An authority on cancer risk, prevention and treatment, Olopade has a special interest in women of African descent, who face a higher risk for ER-negative breast cancer, an aggressive form of the disease that is resistant to hormone therapy. Her research focuses on the interactions between genetics and environment in the onset of breast cancer and on the prevention and early detection of breast and ovarian cancer in women at high risk.

She also works with government officials and drug companies across Africa to promote cancer education and treatment.

Listed in the Best Doctors in America, Olopade has held a number of leadership positions with the American Association for Cancer Research, the American Society of Clinical Oncology and the African Organization for Research and Training in Cancer. In 2011, she was appointed by President Barack Obama to serve on the National Cancer Advisory Board. She currently serves on the national advisory board and the board of directors for the American Board of Internal Medicine.

Olopade is an elected member of the American Society for Clinical Investigation, the Association of American Physicians, the Institute of Medicine of the National Academies, the American Academy of Arts and Sciences and the American Philosophical Society. Honors and awards she has received include an honorary degree from Princeton University, Doris Duke Distinguished Clinical Scientist and Exceptional Mentor Award, American Cancer Society Clinical Research Professorship and MacArthur Foundation “Genius” Fellowship.

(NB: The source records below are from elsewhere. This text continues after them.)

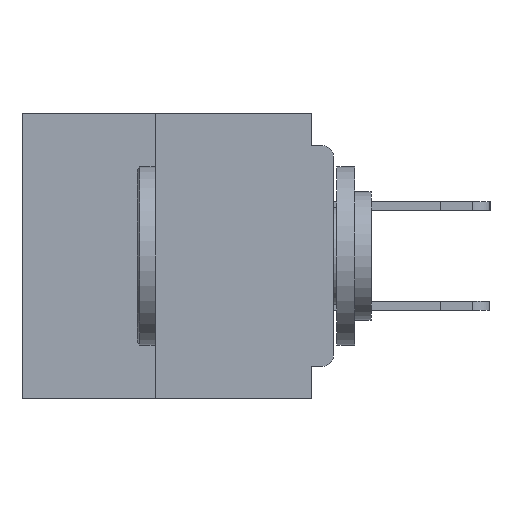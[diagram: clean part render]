
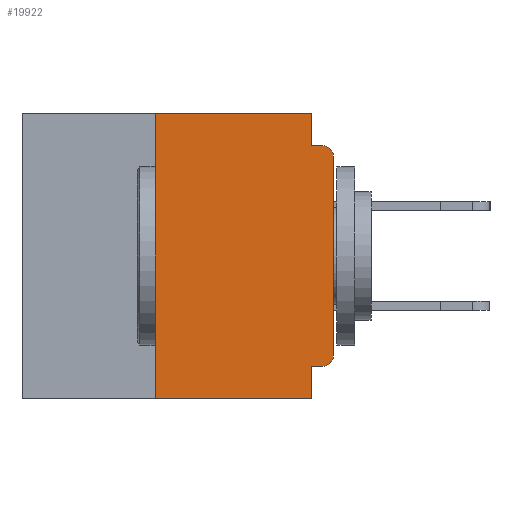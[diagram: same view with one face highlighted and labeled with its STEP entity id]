
A CAD part, left-side view. The second image highlights one B-rep face of the part: STEP entity #19922.
In plain terms, the highlighted planar face has unit normal (-1, 0, 0).
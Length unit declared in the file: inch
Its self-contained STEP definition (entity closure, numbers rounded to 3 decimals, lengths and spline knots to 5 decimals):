
#1278 = EDGE_CURVE ( 'NONE', #19458, #2461, #6624, .T. ) ;
#1943 = DIRECTION ( 'NONE',  ( 0., 0., 1. ) ) ;
#2434 = LINE ( 'NONE', #9290, #47239 ) ;
#2461 = VERTEX_POINT ( 'NONE', #19599 ) ;
#3008 = VERTEX_POINT ( 'NONE', #3508 ) ;
#3033 = CARTESIAN_POINT ( 'NONE',  ( 0., 0.437, 0. ) ) ;
#3423 = PLANE ( 'NONE',  #54860 ) ;
#3508 = CARTESIAN_POINT ( 'NONE',  ( 0., 0.031, 0. ) ) ;
#3516 = AXIS2_PLACEMENT_3D ( 'NONE', #49084, #23184, #53369 ) ;
#3679 = ORIENTED_EDGE ( 'NONE', *, *, #15356, .T. ) ;
#4788 = ORIENTED_EDGE ( 'NONE', *, *, #16063, .F. ) ;
#4899 = DIRECTION ( 'NONE',  ( 0., -1., 0. ) ) ;
#6620 = ORIENTED_EDGE ( 'NONE', *, *, #37257, .F. ) ;
#6624 = CIRCLE ( 'NONE', #55903, 0.015 ) ;
#7823 = DIRECTION ( 'NONE',  ( 0., 0., -1. ) ) ;
#8440 = ORIENTED_EDGE ( 'NONE', *, *, #33314, .T. ) ;
#9013 = CARTESIAN_POINT ( 'NONE',  ( 0., 0.015, -0.355 ) ) ;
#9290 = CARTESIAN_POINT ( 'NONE',  ( 0., 0.437, -0.4 ) ) ;
#10556 = CARTESIAN_POINT ( 'NONE',  ( 0., 0.031, -0.4 ) ) ;
#10717 = LINE ( 'NONE', #3033, #55383 ) ;
#12605 = CARTESIAN_POINT ( 'NONE',  ( 0., 0.031, -0.355 ) ) ;
#13290 = ORIENTED_EDGE ( 'NONE', *, *, #45199, .T. ) ;
#14428 = VECTOR ( 'NONE', #40924, 39.37008 ) ;
#14502 = LINE ( 'NONE', #14924, #24662 ) ;
#14924 = CARTESIAN_POINT ( 'NONE',  ( 0., 0., 0. ) ) ;
#15356 = EDGE_CURVE ( 'NONE', #41853, #54277, #39633, .T. ) ;
#15547 = DIRECTION ( 'NONE',  ( 0., 1., 0. ) ) ;
#16063 = EDGE_CURVE ( 'NONE', #45496, #44277, #24592, .T. ) ;
#19458 = VERTEX_POINT ( 'NONE', #9013 ) ;
#19599 = CARTESIAN_POINT ( 'NONE',  ( 0., 0., -0.34 ) ) ;
#19922 = ADVANCED_FACE ( 'NONE', ( #34774 ), #3423, .F. ) ;
#19997 = ORIENTED_EDGE ( 'NONE', *, *, #48647, .F. ) ;
#21400 = ORIENTED_EDGE ( 'NONE', *, *, #28288, .F. ) ;
#21629 = DIRECTION ( 'NONE',  ( 0., 0., -1. ) ) ;
#21756 = CARTESIAN_POINT ( 'NONE',  ( 0., 0.031, -0.045 ) ) ;
#21886 = CARTESIAN_POINT ( 'NONE',  ( 0., 0.25, -0.4 ) ) ;
#22392 = CARTESIAN_POINT ( 'NONE',  ( 0., 0.015, -0.045 ) ) ;
#23184 = DIRECTION ( 'NONE',  ( -1., 0., 0. ) ) ;
#24032 = VERTEX_POINT ( 'NONE', #24909 ) ;
#24592 = LINE ( 'NONE', #10556, #14428 ) ;
#24662 = VECTOR ( 'NONE', #1943, 39.37008 ) ;
#24909 = CARTESIAN_POINT ( 'NONE',  ( 0., 0.25, 0. ) ) ;
#26851 = VERTEX_POINT ( 'NONE', #47780 ) ;
#26957 = VECTOR ( 'NONE', #54105, 39.37008 ) ;
#27472 = EDGE_CURVE ( 'NONE', #3008, #29562, #50726, .T. ) ;
#27592 = LINE ( 'NONE', #41316, #37763 ) ;
#28044 = EDGE_CURVE ( 'NONE', #24032, #3008, #10717, .T. ) ;
#28185 = CARTESIAN_POINT ( 'NONE',  ( 0., 0., -0.06 ) ) ;
#28288 = EDGE_CURVE ( 'NONE', #26851, #24032, #56047, .T. ) ;
#28320 = LINE ( 'NONE', #36801, #26957 ) ;
#29435 = CARTESIAN_POINT ( 'NONE',  ( 0., 0.437, 0. ) ) ;
#29562 = VERTEX_POINT ( 'NONE', #21756 ) ;
#30514 = VECTOR ( 'NONE', #21629, 39.37008 ) ;
#31866 = CARTESIAN_POINT ( 'NONE',  ( 0., 0.031, -0.4 ) ) ;
#32455 = EDGE_LOOP ( 'NONE', ( #13290, #3679, #19997, #42515, #55612, #21400, #8440, #4788, #6620, #53711 ) ) ;
#33314 = EDGE_CURVE ( 'NONE', #26851, #44277, #2434, .T. ) ;
#33799 = DIRECTION ( 'NONE',  ( 1., 0., 0. ) ) ;
#34774 = FACE_OUTER_BOUND ( 'NONE', #32455, .T. ) ;
#36801 = CARTESIAN_POINT ( 'NONE',  ( 0., 0., -0.045 ) ) ;
#37257 = EDGE_CURVE ( 'NONE', #19458, #45496, #27592, .T. ) ;
#37763 = VECTOR ( 'NONE', #15547, 39.37008 ) ;
#39633 = CIRCLE ( 'NONE', #3516, 0.015 ) ;
#40924 = DIRECTION ( 'NONE',  ( 0., 0., -1. ) ) ;
#41316 = CARTESIAN_POINT ( 'NONE',  ( 0., 0., -0.355 ) ) ;
#41853 = VERTEX_POINT ( 'NONE', #28185 ) ;
#42515 = ORIENTED_EDGE ( 'NONE', *, *, #27472, .F. ) ;
#43617 = DIRECTION ( 'NONE',  ( 0., 0., 1. ) ) ;
#44277 = VERTEX_POINT ( 'NONE', #31866 ) ;
#45199 = EDGE_CURVE ( 'NONE', #2461, #41853, #14502, .T. ) ;
#45496 = VERTEX_POINT ( 'NONE', #12605 ) ;
#46479 = DIRECTION ( 'NONE',  ( 0., -1., 0. ) ) ;
#47239 = VECTOR ( 'NONE', #4899, 39.37008 ) ;
#47780 = CARTESIAN_POINT ( 'NONE',  ( 0., 0.25, -0.4 ) ) ;
#48647 = EDGE_CURVE ( 'NONE', #29562, #54277, #28320, .T. ) ;
#48783 = DIRECTION ( 'NONE',  ( 0., 0., -1. ) ) ;
#48976 = DIRECTION ( 'NONE',  ( -1., 0., 0. ) ) ;
#49084 = CARTESIAN_POINT ( 'NONE',  ( 0., 0.015, -0.06 ) ) ;
#49087 = CARTESIAN_POINT ( 'NONE',  ( 0., 0.015, -0.34 ) ) ;
#50726 = LINE ( 'NONE', #51828, #30514 ) ;
#51828 = CARTESIAN_POINT ( 'NONE',  ( 0., 0.031, 0. ) ) ;
#53369 = DIRECTION ( 'NONE',  ( 0., 0., -1. ) ) ;
#53711 = ORIENTED_EDGE ( 'NONE', *, *, #1278, .T. ) ;
#54105 = DIRECTION ( 'NONE',  ( 0., -1., 0. ) ) ;
#54277 = VERTEX_POINT ( 'NONE', #22392 ) ;
#54677 = VECTOR ( 'NONE', #43617, 39.37008 ) ;
#54860 = AXIS2_PLACEMENT_3D ( 'NONE', #29435, #33799, #7823 ) ;
#55383 = VECTOR ( 'NONE', #46479, 39.37008 ) ;
#55612 = ORIENTED_EDGE ( 'NONE', *, *, #28044, .F. ) ;
#55903 = AXIS2_PLACEMENT_3D ( 'NONE', #49087, #48976, #48783 ) ;
#56047 = LINE ( 'NONE', #21886, #54677 ) ;

She earned her medical degree from the University of Ibadan College of Medicine in Nigeria. She trained in internal medicine at Cook County Hospital in Chicago and in oncology and cancer genetics at the Joint Section of Hematology and Oncology at the University of Chicago.

The Sojourner Truth Lectures honor the achievements and contributions of outstanding black women of African descent. Established in 1983, the lectureship was created and is administered by faculty in the Intercollegiate Department of Africana Studies. It is sponsored by five colleges—Scripps, Pomona, Claremont McKenna, Harvey Mudd and Pitzer—and Claremont Graduate University. Past lectureship speakers have included Maya Angelou, Octavia Butler, Elizabeth Catlett, Samella Lewis, Agnes Moreland Jackson and Mae Jemison.